Can anyone tell me what sort of insect bores a hole into the fig fruit ? My neighbor is saying that honey bees do it and I am pretty confident that this is not the case and I would like to provide some evidence.


----------



## tommyt (Aug 7, 2010)

Honey Bees DO NOT BORE
How ever are Bees that Bore 
Look see here 
http://solitarybee.com
and here 
http://nature.berkeley.edu/urbanbeegardens/general_solitarybees.html
and here 
http://www.pollinatorparadise.com/solitary_bees/solitary.htm
and here  Google lookup @ *Solitary bees *am


----------



## WillT (Jan 20, 2012)

They are digging out of the fig and not boring in and by they I mean Fig Wasp.

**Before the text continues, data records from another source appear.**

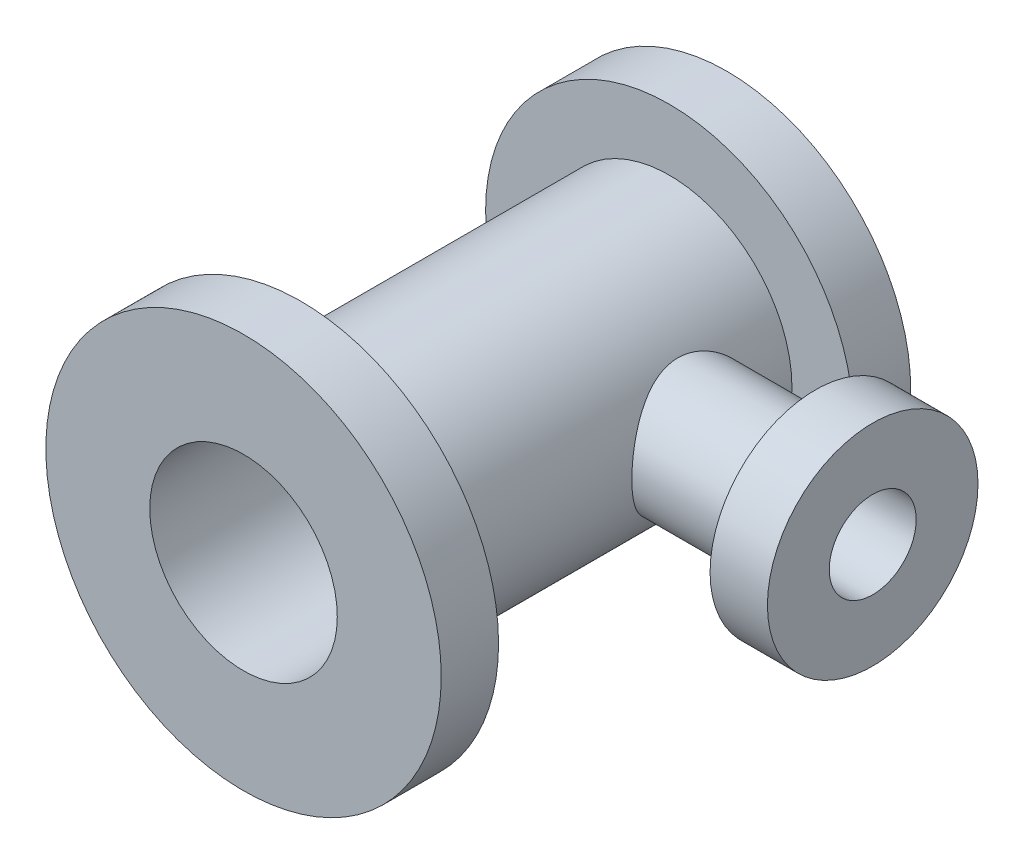
from build123d import *

# Parameters (mm, degrees)
SKETCH1_R          = 29.897826087
SKETCH1_R_2        = 22.892183977
EXTRUDE1_DEPTH     = 113
SKETCH2_R          = 15.706317554
SKETCH2_R_2        = 10.616968436
EXTRUDE2_DEPTH     = 59
CUT_EXTRUDE1_START = -222
SKETCH3_R          = 22.892183977
CUT_EXTRUDE1_DEPTH = 222
CUT_EXTRUDE2_START = -48
SKETCH4_R          = 10.616968436
CUT_EXTRUDE2_DEPTH = 48
EXTRUDE3_START     = -14
SKETCH5_R          = 48.264644084
SKETCH5_R_2        = 29.897826087
EXTRUDE3_DEPTH     = 14
SKETCH6_R          = 44.897826087
SKETCH6_R_2        = 29.897826087
EXTRUDE4_DEPTH     = 9
EXTRUDE5_START     = 5
SKETCH7_R          = 44.897826087
SKETCH7_R_2        = 22.892183977
EXTRUDE5_DEPTH     = 5
SKETCH8_R          = 25.706317554
SKETCH8_R_2        = 10.616968436
EXTRUDE6_DEPTH     = 14


with BuildPart() as part:
    # Sketch1 → Extrude1 (new body)
    with BuildSketch(Plane.XY):
        Circle(SKETCH1_R)
        Circle(SKETCH1_R_2, mode=Mode.SUBTRACT)
    extrude(amount=EXTRUDE1_DEPTH)

    # Sketch2 → Extrude2 (add)
    with BuildSketch(Plane(origin=(0, 0, 0), x_dir=(0, 0, -1), z_dir=(1, 0, 0))):
        with Locations((-32.385873212, 0)):
            Circle(SKETCH2_R)
        with Locations(Location((-32.385873212, 0, 0), (0, 0, 180))):
            Circle(SKETCH2_R_2, mode=Mode.SUBTRACT)
    extrude(amount=EXTRUDE2_DEPTH)

    # Sketch3 → Cut-Extrude1 (cut)
    with BuildSketch(Plane.XY.offset(113).offset(CUT_EXTRUDE1_START)):
        Circle(SKETCH3_R)
    extrude(amount=CUT_EXTRUDE1_DEPTH, mode=Mode.SUBTRACT)

    # Sketch4 → Cut-Extrude2 (cut)
    with BuildSketch(Plane(origin=(59, 0, 0), x_dir=(0, 0, -1), z_dir=(1, 0, 0)).offset(CUT_EXTRUDE2_START)):
        with Locations((-32.385873212, 0)):
            Circle(SKETCH4_R)
    extrude(amount=CUT_EXTRUDE2_DEPTH, mode=Mode.SUBTRACT)

    # Sketch5 → Extrude3 (add)
    with BuildSketch(Plane.XY.offset(113).offset(EXTRUDE3_START)):
        Circle(SKETCH5_R)
        Circle(SKETCH5_R_2, mode=Mode.SUBTRACT)
    extrude(amount=EXTRUDE3_DEPTH)

    # Sketch6 → Extrude4 (add)
    with BuildSketch(Plane(origin=(0, 0, 0), x_dir=(-1, 0, 0), z_dir=(0, 0, -1))):
        Circle(SKETCH6_R)
        Circle(SKETCH6_R_2, mode=Mode.SUBTRACT)
    extrude(amount=-EXTRUDE4_DEPTH)

    # Sketch7 → Extrude5 (add)
    with BuildSketch(Plane(origin=(0, 0, 0), x_dir=(-1, 0, 0), z_dir=(0, 0, -1)).offset(EXTRUDE5_START)):
        Circle(SKETCH7_R)
        Circle(SKETCH7_R_2, mode=Mode.SUBTRACT)
    extrude(amount=-EXTRUDE5_DEPTH)

    # Sketch8 → Extrude6 (add)
    with BuildSketch(Plane(origin=(59, 0, 0), x_dir=(0, 0, -1), z_dir=(1, 0, 0))):
        with Locations((-32.385873212, 0)):
            Circle(SKETCH8_R)
        with Locations((-32.385873212, 0)):
            Circle(SKETCH8_R_2, mode=Mode.SUBTRACT)
    extrude(amount=EXTRUDE6_DEPTH)


solid = part.part
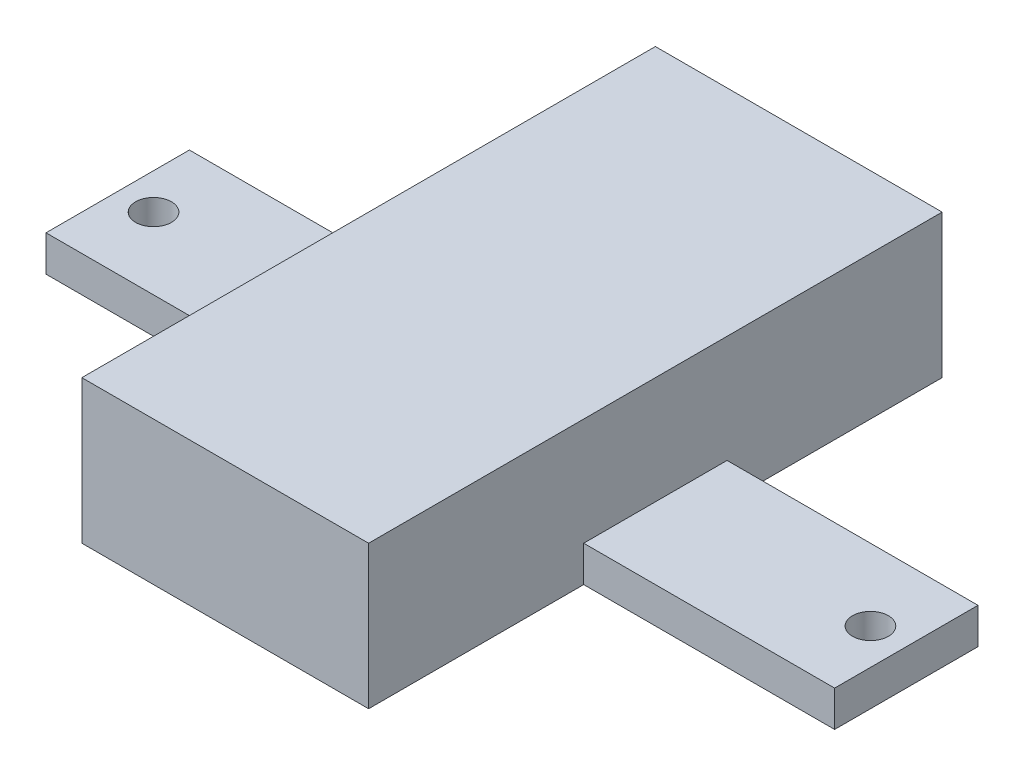
from build123d import *

# Parameters (mm, degrees)
SKETCH2_W           = 69.85
SKETCH2_H           = 3.175
BOSS_EXTRUDE1_DEPTH = 6.35
SKETCH5_W           = 25.4
SKETCH5_H           = 12.7
BOSS_EXTRUDE2_DEPTH = 25.4
SKETCH6_R           = 1.5875
CUT_EXTRUDE1_DEPTH  = 45.22263278


with BuildPart() as part:
    # Sketch2 → Boss-Extrude1 (new, symmetric)
    with BuildSketch(Plane.XY):
        Rectangle(SKETCH2_W, SKETCH2_H)
    extrude(amount=BOSS_EXTRUDE1_DEPTH, both=True)

    # Sketch5 → Boss-Extrude2 (add, symmetric)
    with BuildSketch(Plane.XY):
        with Locations((0, 4.7625)):
            Rectangle(SKETCH5_W, SKETCH5_H)
    extrude(amount=BOSS_EXTRUDE2_DEPTH, both=True)

    # Sketch6 → Cut-Extrude1 (cut, through all)
    with BuildSketch(Plane(origin=(0, 1.5875, 0), x_dir=(1, 0, 0), z_dir=(0, 1, 0))):
        with Locations(Location((-31.75, 0, 0), (0, 0, 270))):
            Circle(SKETCH6_R)
        with Locations(Location((31.75, 0, 0), (0, 0, 270))):
            Circle(SKETCH6_R)
    extrude(amount=-CUT_EXTRUDE1_DEPTH, mode=Mode.SUBTRACT)


solid = part.part
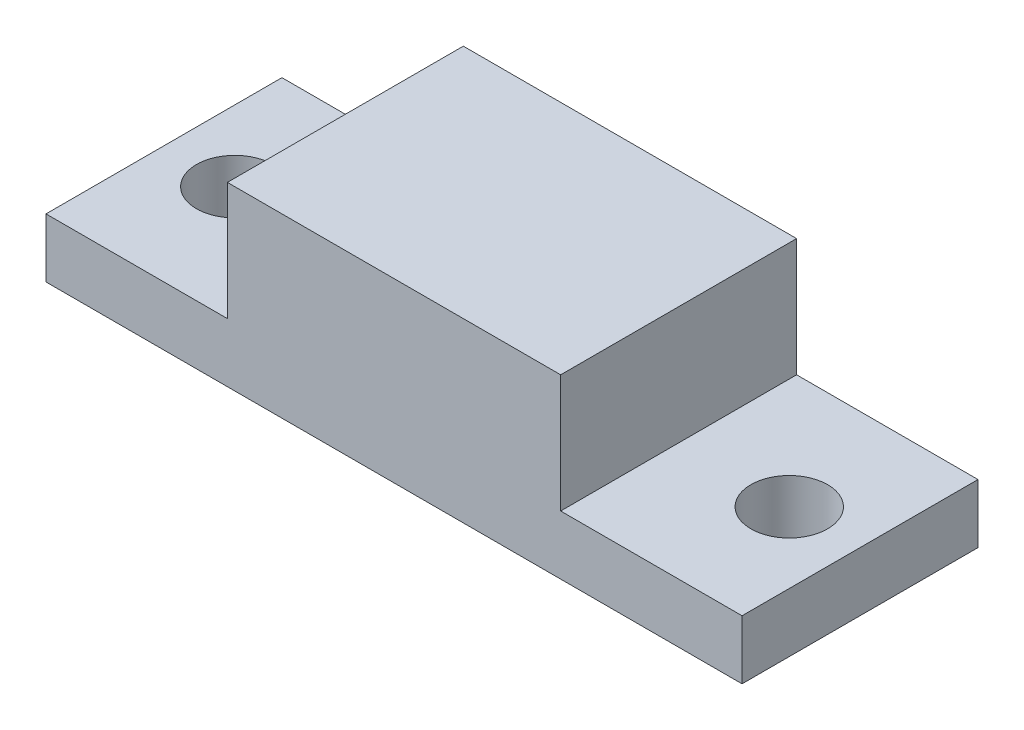
from build123d import *

# Parameters (mm, degrees)
EXTRUDE_1_DEPTH     = 8
CUT_EXTRUDE_1_REACH = 17.467
SKETCH_2_R          = 1.3


with BuildPart() as part:
    # Эскиз1 → Бобышка-Вытянуть1 (new body)
    with BuildSketch(Plane.XY):
        Polygon((-5.65, 0), (5.65, 0), (5.65, -4), (11.8, -4), (11.8, -6), (-11.8, -6), (-11.8, -4), (-5.65, -4), align=None)
    extrude(amount=EXTRUDE_1_DEPTH)

    # Эскиз2 → Вырез-Вытянуть1 (cut, up to next)
    with BuildSketch(Plane.XZ.offset(6), mode=Mode.PRIVATE) as cut_extrude_1_sk1:
        with Locations(Location((-9.4, 4, 0), (0, 0, 270))):
            Circle(SKETCH_2_R)
    cut_extrude_1_tool1 = extrude(cut_extrude_1_sk1.sketch, amount=-CUT_EXTRUDE_1_REACH, mode=Mode.PRIVATE) & part.part
    # Эскиз2 → Вырез-Вытянуть1 (cut, up to next)
    with BuildSketch(Plane.XZ.offset(6), mode=Mode.PRIVATE) as cut_extrude_1_sk2:
        with Locations(Location((9.4, 4, 0), (0, 0, 270))):
            Circle(SKETCH_2_R)
    cut_extrude_1_tool2 = extrude(cut_extrude_1_sk2.sketch, amount=-CUT_EXTRUDE_1_REACH, mode=Mode.PRIVATE) & part.part
    add(cut_extrude_1_tool1.solids().sort_by_distance((-9.4, -6, 4))[0], mode=Mode.SUBTRACT)
    add(cut_extrude_1_tool2.solids().sort_by_distance((9.4, -6, 4))[0], mode=Mode.SUBTRACT)


solid = part.part
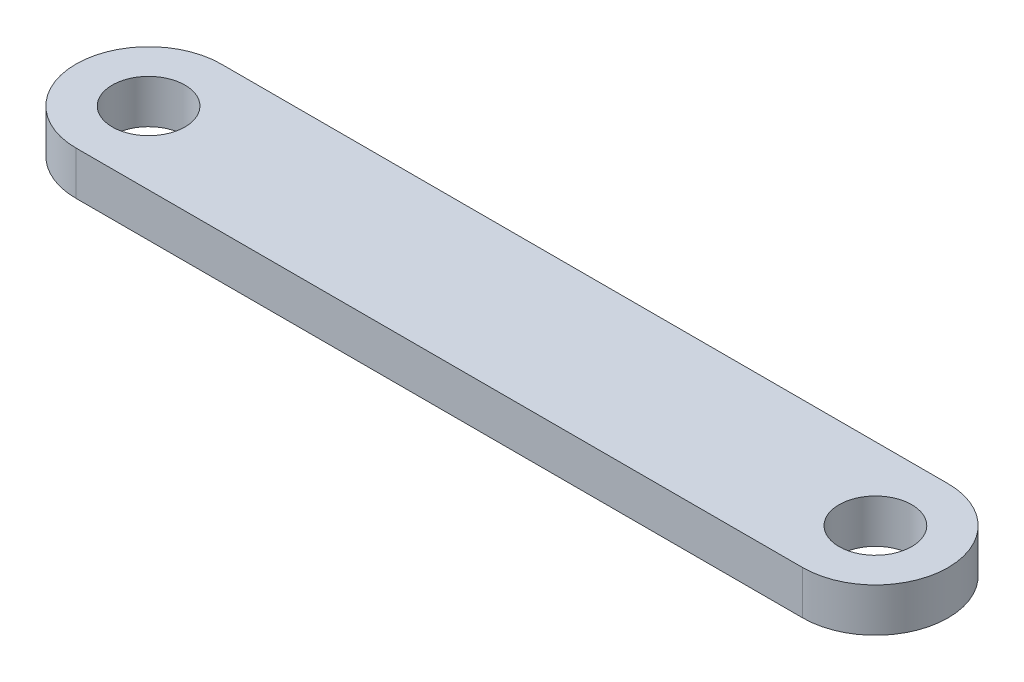
from build123d import *

# Parameters (mm, degrees)
CROQUIS1_R              = 2.5
SALIENTE_EXTRUIR1_DEPTH = 3


with BuildPart() as part:
    # Croquis1 → Saliente-Extruir1 (new body)
    with BuildSketch(Plane(origin=(0, 0, 0), x_dir=(1, 0, 0), z_dir=(0, 1, 0))):
        with BuildLine():
            Line((-25, 5), (25, 5))
            ThreePointArc((25, 5), (30, 0), (25, -5))
            Line((25, -5), (-25, -5))
            ThreePointArc((-25, -5), (-30, 0), (-25, 5))
        make_face()
        with Locations(Location((-25, 0, 0), (0, 0, 270))):
            Circle(CROQUIS1_R, mode=Mode.SUBTRACT)
        with Locations(Location((25, 0, 0), (0, 0, 270))):
            Circle(CROQUIS1_R, mode=Mode.SUBTRACT)
    extrude(amount=SALIENTE_EXTRUIR1_DEPTH)


solid = part.part
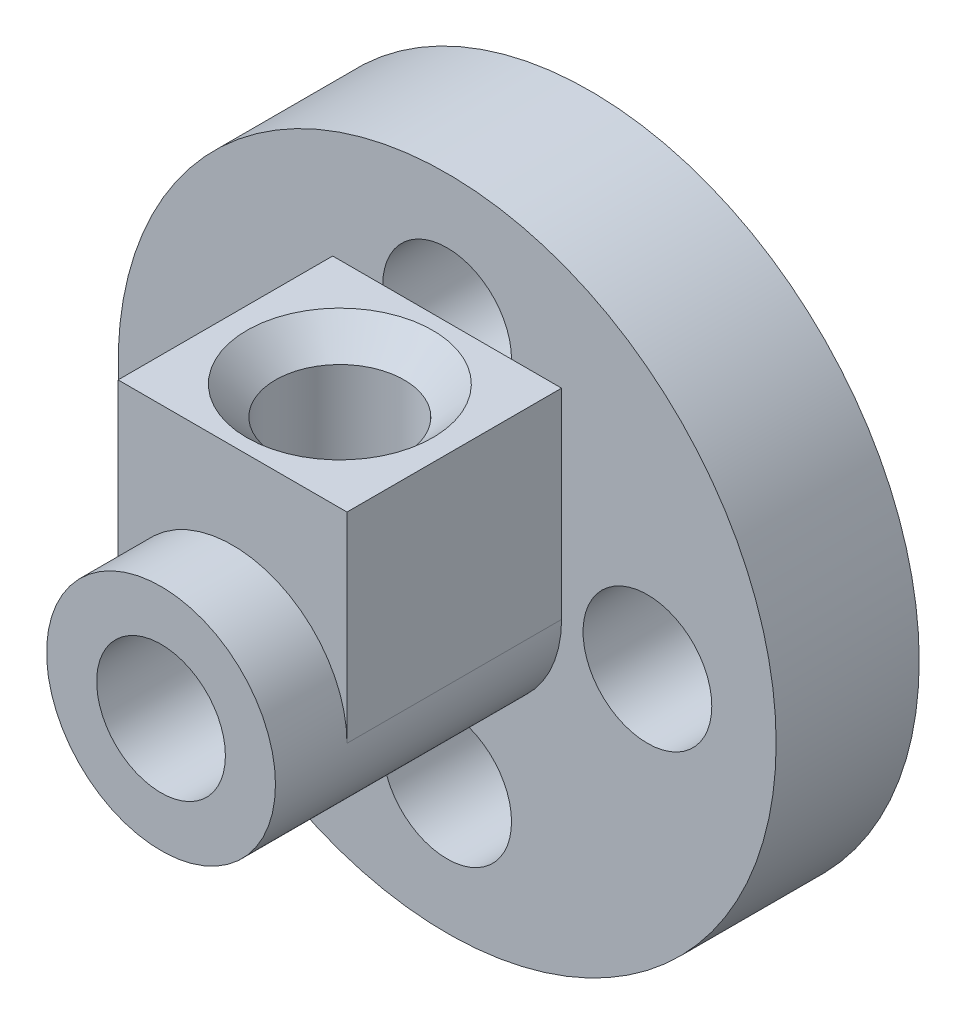
from build123d import *

# Parameters (mm, degrees)
SKETCH1_R                = 11.5
BOSS_EXTRUDE1_DEPTH      = 5
SKETCH2_R                = 2.25
CUT_EXTRUDE1_DEPTH       = 18.014699527
CIRPATTERN1_COUNT        = 4
SKETCH3_R                = 4
BOSS_EXTRUDE2_DEPTH      = 10
SKETCH4_R                = 2.25
CUT_EXTRUDE2_DEPTH       = 23.12464689
BOSS_EXTRUDE3_REACH      = 28.448
BOSS_EXTRUDE3_END_RADIUS = 4
SKETCH5_W                = 8
SKETCH5_H                = 7.5
SKETCH6_R                = 2.25
CUT_EXTRUDE3_DEPTH       = 7
CHAMFER1_SIZE            = 1
CHAMFER2_SIZE            = 1


with BuildPart() as part:
    # Sketch1 → Boss-Extrude1 (new body)
    with BuildSketch(Plane.XY):
        Circle(SKETCH1_R)
    extrude(amount=BOSS_EXTRUDE1_DEPTH)

    # Sketch2 → Cut-Extrude1 (cut, through all)
    with BuildSketch(Plane.XY.offset(5)):
        with Locations((0, 7)):
            Circle(SKETCH2_R)
    cut_extrude1 = extrude(amount=-CUT_EXTRUDE1_DEPTH, mode=Mode.SUBTRACT)

    # CirPattern1: Cut-Extrude1 ×4 about axis
    cirpattern1_axis = Axis((0, 0, 0), (0, 0, 1))
    for i in range(1, CIRPATTERN1_COUNT):
        add(cut_extrude1.rotate(cirpattern1_axis, i * 360 / CIRPATTERN1_COUNT), mode=Mode.SUBTRACT)

    # Sketch3 → Boss-Extrude2 (add)
    with BuildSketch(Plane.XY.offset(5)):
        Circle(SKETCH3_R)
    extrude(amount=BOSS_EXTRUDE2_DEPTH)

    # Sketch4 → Cut-Extrude2 (cut, through all)
    with BuildSketch(Plane.XY.offset(15)):
        Circle(SKETCH4_R)
    extrude(amount=-CUT_EXTRUDE2_DEPTH, mode=Mode.SUBTRACT)

    # Boss-Extrude3: up to this cylinder (the profile starts outside it)
    boss_extrude3_end = Plane(origin=(0, 0, 8.75), z_dir=(0, 0, -1)) * Cylinder(BOSS_EXTRUDE3_END_RADIUS, 65.896, mode=Mode.PRIVATE)
    # Sketch5 → Boss-Extrude3 (add, up to the surface)
    with BuildSketch(Plane(origin=(0, 7, 0), x_dir=(1, 0, 0), z_dir=(0, 1, 0)), mode=Mode.PRIVATE) as boss_extrude3_sk1:
        with Locations((0, -8.75)):
            Rectangle(SKETCH5_W, SKETCH5_H)
    boss_extrude3_tool1 = extrude(boss_extrude3_sk1.sketch, amount=-BOSS_EXTRUDE3_REACH, mode=Mode.PRIVATE) - boss_extrude3_end
    add(boss_extrude3_tool1.solids().sort_by_distance((0, 7, 8.75))[0])

    # Sketch6 → Cut-Extrude3 (cut)
    with BuildSketch(Plane(origin=(0, 7, 0), x_dir=(1, 0, 0), z_dir=(0, 1, 0))):
        with Locations(Location((0, -8.75, 0), (0, 0, 270))):
            Circle(SKETCH6_R)
    extrude(amount=-CUT_EXTRUDE3_DEPTH, mode=Mode.SUBTRACT)

    # Chamfer1
    chamfer1_edges = [part.edges().sort_by_distance(p)[0] for p in [
        (0, 7, 6.5),
    ]]
    chamfer(chamfer1_edges, length=CHAMFER1_SIZE)

    # Chamfer2
    chamfer2_edges = [part.edges().sort_by_distance(p)[0] for p in [
        (-7, -2.25, 0),
        (2.25, -7, 0),
        (7, 2.25, 0),
        (-2.25, 7, 0),
    ]]
    chamfer(chamfer2_edges, length=CHAMFER2_SIZE)


solid = part.part
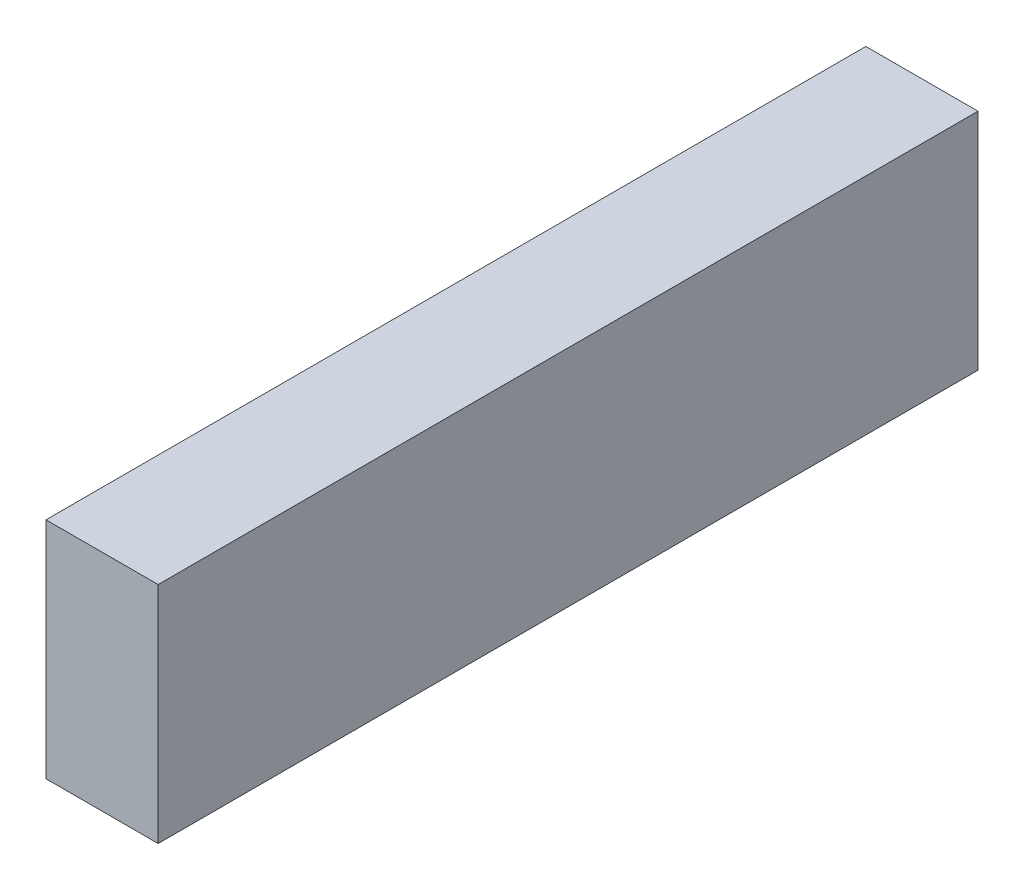
from build123d import *

# Parameters (mm, degrees)
SKETCH1_W           = 73.1
SKETCH1_H           = 20
BOSS_EXTRUDE1_DEPTH = 10


with BuildPart() as part:
    # Sketch1 → Boss-Extrude1 (new body)
    with BuildSketch(Plane(origin=(0, 0, 0), x_dir=(0, 0, -1), z_dir=(1, 0, 0))):
        with Locations((36.55, 10)):
            Rectangle(SKETCH1_W, SKETCH1_H)
    extrude(amount=BOSS_EXTRUDE1_DEPTH)


solid = part.part

The female deposits the eggs inside through a small opening that seals as the fruit ripens and the wasp hatch. Once they dig out of the ripe fig its game on for other insect and the exposed ripe fruit.


----------



## Blackwater Bees (May 7, 2012)

Different species of Figs have a more "closed eye" on the bottom and experience less fruit loss to insects like WillT described. Figs also have fruit loss to the dried fruit beetle. Honey bees may come to the sugar content once the fruit is damaged, but are not the cause. I would recommend replacing the tree with one of the "closed eye" figs such as Celeste or with one such as Alma, which has a drop of dried sap blocking the entrance to the eye.


----------